The Plane Ohtani Was Never On is kind of a decent metaphor for the Blue Jays’ offseason, during which they’re slated to lose Gold Glove third baseman Matt Chapman and only add DH Justin Turner, utilityman Isiah Kiner-Falefa and Cuban pitcher (via Japan) Yariel Rodriguez.
While Chapman had a subpar platform year at the plate, his absence would be palpable with the Blue Jays – and either of these teams failing to add him would leave glaring holes. Cavan Biggio (Toronto), Nick Madrigal (Chicago) and J.D. Davis (San Francisco) would man the position to varying degrees of capability, but likely not at an All-Star level.
Meanwhile, the Giants can’t get superstars to take their money, so overspending a bit ($113 million) on Korean outfielder Jung Hoo Lee was their next best option. They did add Jorge Soler, who slugged 36 homers last season, to a three-year, $42 million deal. But they still have multiple holes in their starting rotation; remaining free agents Blake Snell and Cody Bellinger would solve problems in San Francisco and Chicago, but for now, the staring contests continue.
Boston Red Sox
Not so much what they did or didn’t do but rather what they’ve become: A non-destination for elite free agents.
The franchise that won a World Series after signing Daisuke Matsuzaka expressed interest in Yoshinobu Yamamoto but wasn’t really in play for him.
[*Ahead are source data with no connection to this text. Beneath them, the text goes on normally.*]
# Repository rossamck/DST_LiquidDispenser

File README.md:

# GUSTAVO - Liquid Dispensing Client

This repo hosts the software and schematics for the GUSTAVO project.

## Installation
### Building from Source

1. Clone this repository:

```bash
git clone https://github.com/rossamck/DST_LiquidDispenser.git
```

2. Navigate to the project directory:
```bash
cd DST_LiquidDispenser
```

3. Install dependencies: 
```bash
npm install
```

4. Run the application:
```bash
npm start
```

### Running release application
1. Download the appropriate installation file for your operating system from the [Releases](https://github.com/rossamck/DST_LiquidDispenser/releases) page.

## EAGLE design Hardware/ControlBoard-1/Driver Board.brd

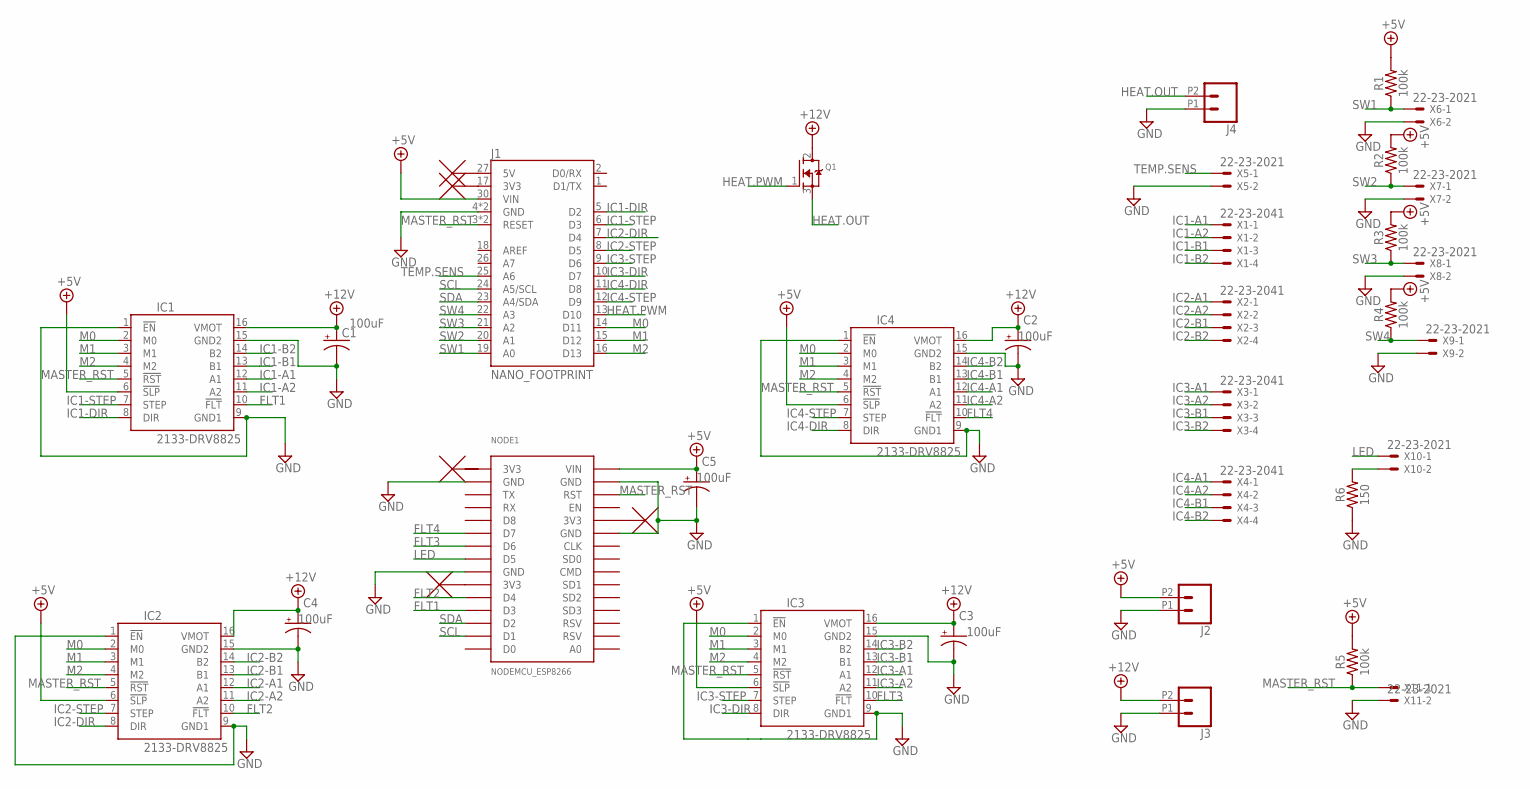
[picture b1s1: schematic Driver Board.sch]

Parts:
C1, C2, C3, C4, C5: CPOL-USD; PANASONIC_D
IC1, IC2, IC3, IC4: 2133-DRV8825; DRV8825
J1: NANO_FOOTPRINT; NANO
J2, J3, J4: CONN_02SCREWTERMINAL-6.35MM-2; 1X02_6.35_SCREWTERM
NODE1: NODEMCU_ESP8266
Q1: MOSFET-NGDS_TO220V; TO220V
R1, R2, R3, R4, R5: 100k; 0805
R6: 150; 0805
X1, X2, X3, X4: 22-23-2041
X5, X6, X7, X8, X9, X10, X11: 22-23-2021

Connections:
3V3: NODE1.3V3@1 (3V3)
+5V: C5.+, IC1.6 (!SLP), IC2.6 (!SLP), IC3.6 (!SLP), IC4.6 (!SLP), J1.30 (VIN), J2.P2 (1), NODE1.VIN, R1.2, R2.2, R3.2, R4.2, R5.2
+12V: C1.+, C2.+, C3.+, C4.+, IC1.16 (VMOT), IC2.16 (VMOT), IC3.16 (VMOT), IC4.16 (VMOT), J3.P2 (1), Q1.2 (D)
FLT1: IC1.10 (!FLT), NODE1.D3
FLT2: IC2.10 (!FLT), NODE1.D4
FLT3: IC3.10 (!FLT), NODE1.D6
FLT4: IC4.10 (!FLT), NODE1.D7
GND: C1.-, C2.-, C3.-, C4.-, C5.-, IC1.1 (!EN), IC1.9 (GND1), IC1.15 (GND2), IC2.1 (!EN), IC2.9 (GND1), IC2.15 (GND2), IC3.1 (!EN), IC3.9 (GND1), IC3.15 (GND2), IC4.1 (!EN), IC4.9 (GND1), IC4.15 (GND2), J1.4 (GND), J1.29 (GND), J2.P1 (2), J3.P1 (2), J4.P1 (2), NODE1.GND@1 (GND), NODE1.GND@2 (GND), NODE1.GND@3 (GND), NODE1.GND@4 (GND), R6.1, X5.2, X6.2, X7.2, X8.2, X9.2, X11.2
HEAT.OUT: J4.P2 (1), Q1.3 (S)
HEAT.PWM: J1.13 (D10), Q1.1 (G)
IC1-A1: IC1.12 (A1), X1.1
IC1-A2: IC1.11 (A2), X1.2
IC1-B1: IC1.13 (B1), X1.3
IC1-B2: IC1.14 (B2), X1.4
IC1-DIR: IC1.8 (DIR), J1.5 (D2)
IC1-STEP: IC1.7 (STEP), J1.6 (D3)
IC2-A1: IC2.12 (A1), X2.1
IC2-A2: IC2.11 (A2), X2.2
IC2-B1: IC2.13 (B1), X2.3
IC2-B2: IC2.14 (B2), X2.4
IC2-DIR: IC2.8 (DIR), J1.7 (D4)
IC2-STEP: IC2.7 (STEP), J1.8 (D5)
IC3-A1: IC3.12 (A1), X3.1
IC3-A2: IC3.11 (A2), X3.2
IC3-B1: IC3.13 (B1), X3.3
IC3-B2: IC3.14 (B2), X3.4
IC3-DIR: IC3.8 (DIR), J1.10 (D7)
IC3-STEP: IC3.7 (STEP), J1.9 (D6)
IC4-A1: IC4.12 (A1), X4.1
IC4-A2: IC4.11 (A2), X4.2
IC4-B1: IC4.13 (B1), X4.3
IC4-B2: IC4.14 (B2), X4.4
IC4-DIR: IC4.8 (DIR), J1.11 (D8)
IC4-STEP: IC4.7 (STEP), J1.12 (D9)
LED: NODE1.D5, X10.1
M0: IC1.2 (M0), IC2.2 (M0), IC3.2 (M0), IC4.2 (M0), J1.14 (D11)
M1: IC1.3 (M1), IC2.3 (M1), IC3.3 (M1), IC4.3 (M1), J1.15 (D12)
M2: IC1.4 (M2), IC2.4 (M2), IC3.4 (M2), IC4.4 (M2), J1.16 (D13)
MASTER_RST: IC1.5 (!RST), IC2.5 (!RST), IC3.5 (!RST), IC4.5 (!RST), J1.3 (RESET), J1.28 (RESET), NODE1.RST, R5.1, X11.1
unnamed: R6.2, X10.2
SCL: J1.24 (A5/SCL), NODE1.D1
SDA: J1.23 (A4/SDA), NODE1.D2
SW1: J1.19 (A0), R1.1, X6.1
SW2: J1.20 (A1), R2.1, X7.1
SW3: J1.21 (A2), R3.1, X8.1
SW4: J1.22 (A3), R4.1, X9.1
TEMP.SENS: J1.25 (A6), X5.1

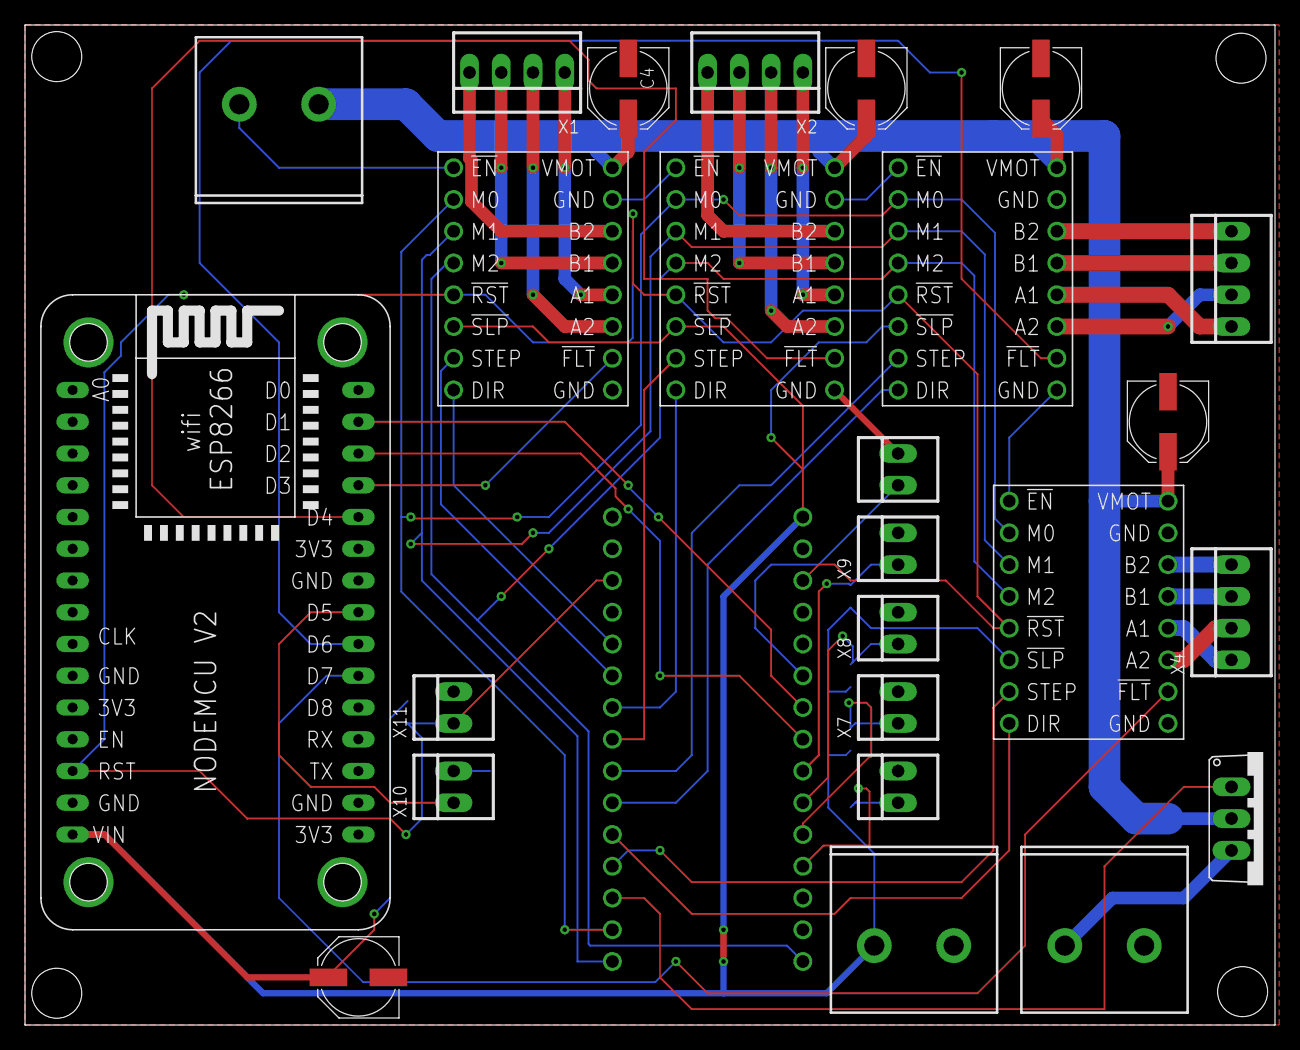
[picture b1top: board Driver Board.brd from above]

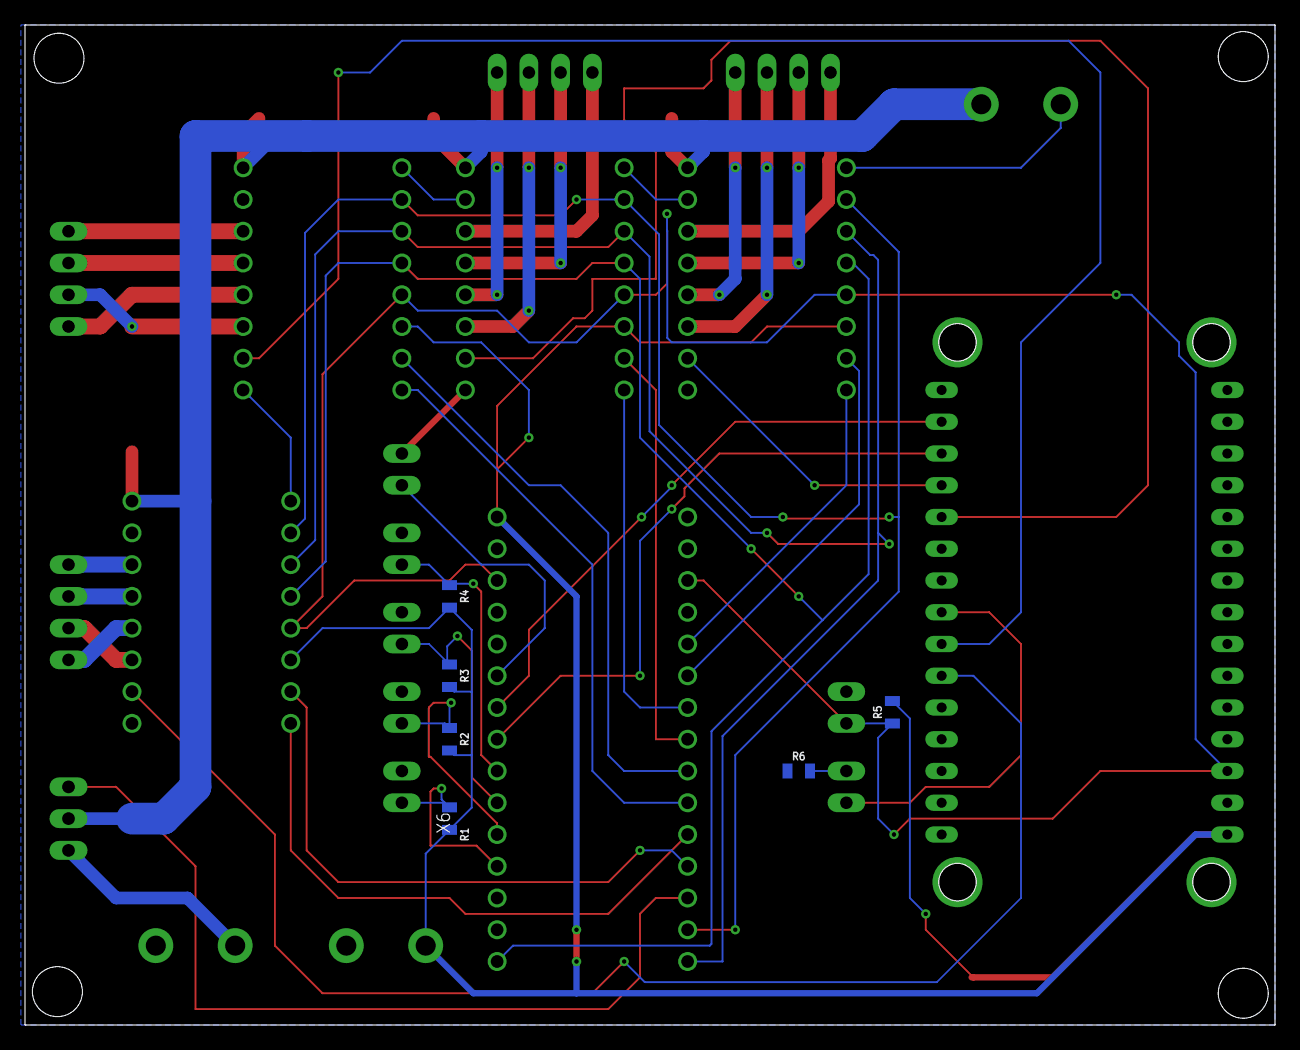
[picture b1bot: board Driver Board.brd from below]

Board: 2 copper layers, 100.0 x 80.0 mm, 32 parts (6 on the bottom side), 46 nets.

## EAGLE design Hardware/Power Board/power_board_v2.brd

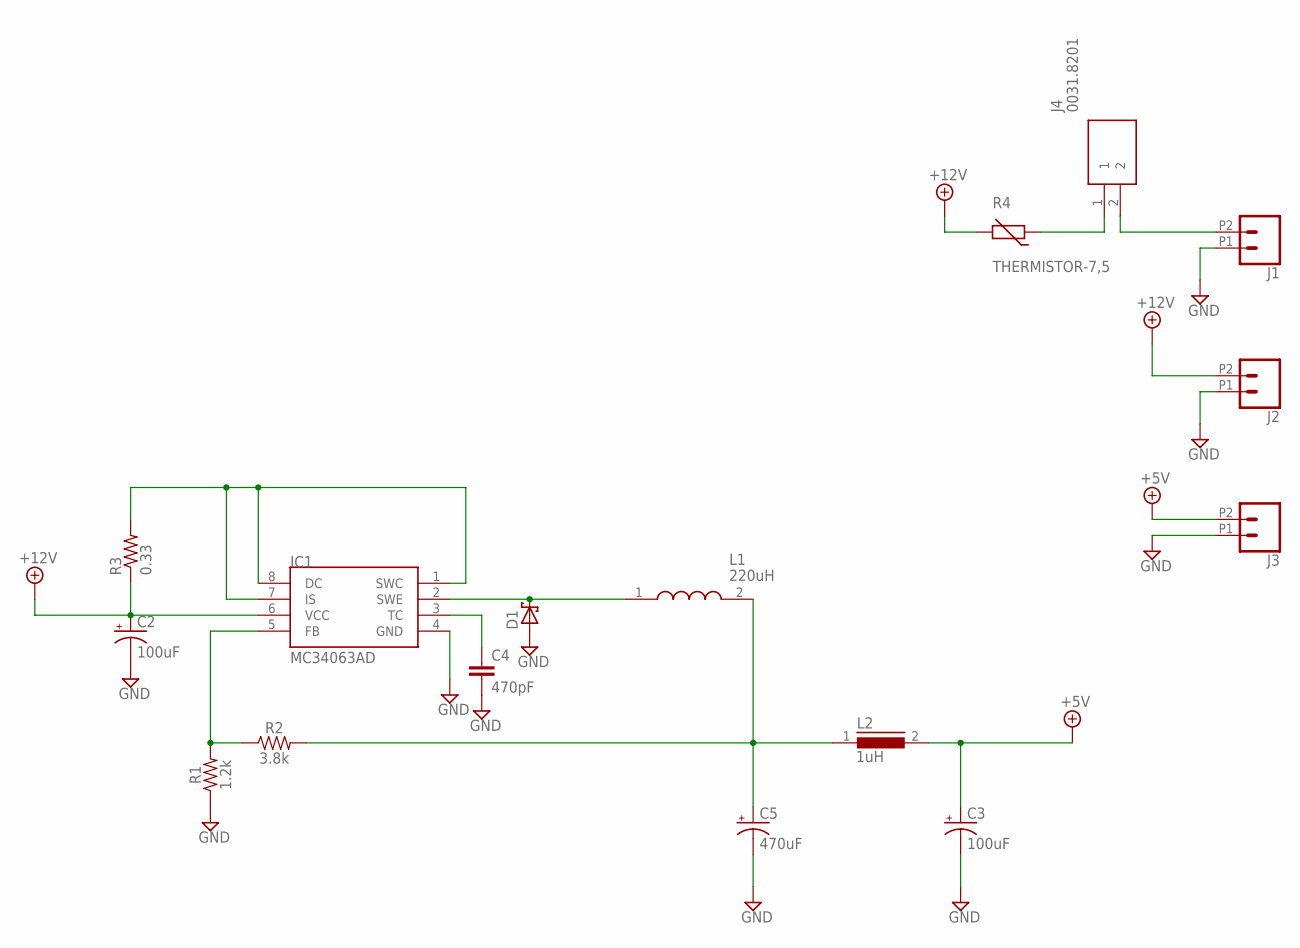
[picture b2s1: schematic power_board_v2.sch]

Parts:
C2, C3: 100uF; PANASONIC_D
C4: 470pF; C0805
C5: 470uF; PANASONIC_F
D1: SCHOTTKY-DIODEDO41; DO41-10
IC1: MC34063AD; SOIC8
J1, J2, J3: CONN_02SCREWTERMINAL-6.35MM-2; 1X02_6.35_SCREWTERM
J4: 0031.8201
L1: 220uH; WE-TI_809589
L2: 1uH; MICC12
R1: 1.2k; 0805
R2: 3.8k; 0805
R3: 0.33; R2512
R4: THERMISTOR-7,5; R-7,5

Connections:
+5V: C3.+, J3.P2 (1), L2.2
+12V: C2.+, IC1.6 (VCC), J2.P2 (1), R3.1, R4.2
GND: C2.-, C3.-, C4.2, C5.-, D1.A, IC1.4 (GND), J1.P1 (2), J2.P1 (2), J3.P1 (2), R1.1
unnamed: D1.C, IC1.2 (SWE), L1.1
unnamed: C5.+, L1.2, L2.1, R2.2
unnamed: IC1.1 (SWC), IC1.7 (IS), IC1.8 (DC), R3.2
unnamed: C4.1, IC1.3 (TC)
unnamed: IC1.5 (FB), R1.2, R2.1
unnamed: J1.P2 (1), J4.2
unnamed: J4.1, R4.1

Ohtani? Heh.
It’s almost like years of half-measures and scrimping in odd places have turned Fenway Park into an unserious place for elite players. While the lineup features an intruging mix, the paucity of pitching (Lucas Giolito probably won’t solve that, Jordan Montgomery would only help so much) makes them an overwhelming choice to finish last in the AL East for the third time in five years.
Los Angeles Dodgers
The Dodgers? Winter spenders of $1.2 billion? Proud new caretakers of Shohei Ohtani and Yoshinobu Yamamoto and Tyler Glasnow? Losers?
Well, everything’s relative – and the Dodgers’ ceiling was already so high, anyway.
Will Ohtani boost ticket sales? The Dodgers were already playing to 93% capacity.
Send TV ratings through the roof? The Dodgers already enjoy an $8.35 billion TV contract.
What about those jersey sales? Well, they go into a centralized revenue stream, anyway.
And how about on the field? Lest you forget, the Dodgers have already made the playoffs 11 consecutive seasons and won 100 games last year.
Certainly, the new guys will help – a lot. But come Oct. 8, they’ll simply be one of eight clubs hoping the postseason roulette wheel spins favorably. Sure, they might have a better than 12.5% chance of winning the World Series.
But the grander expectations and lavish spending will far more likely engender greater disappointment if they again fall short of a championship – as the postseason crapshoot heavily suggests they will.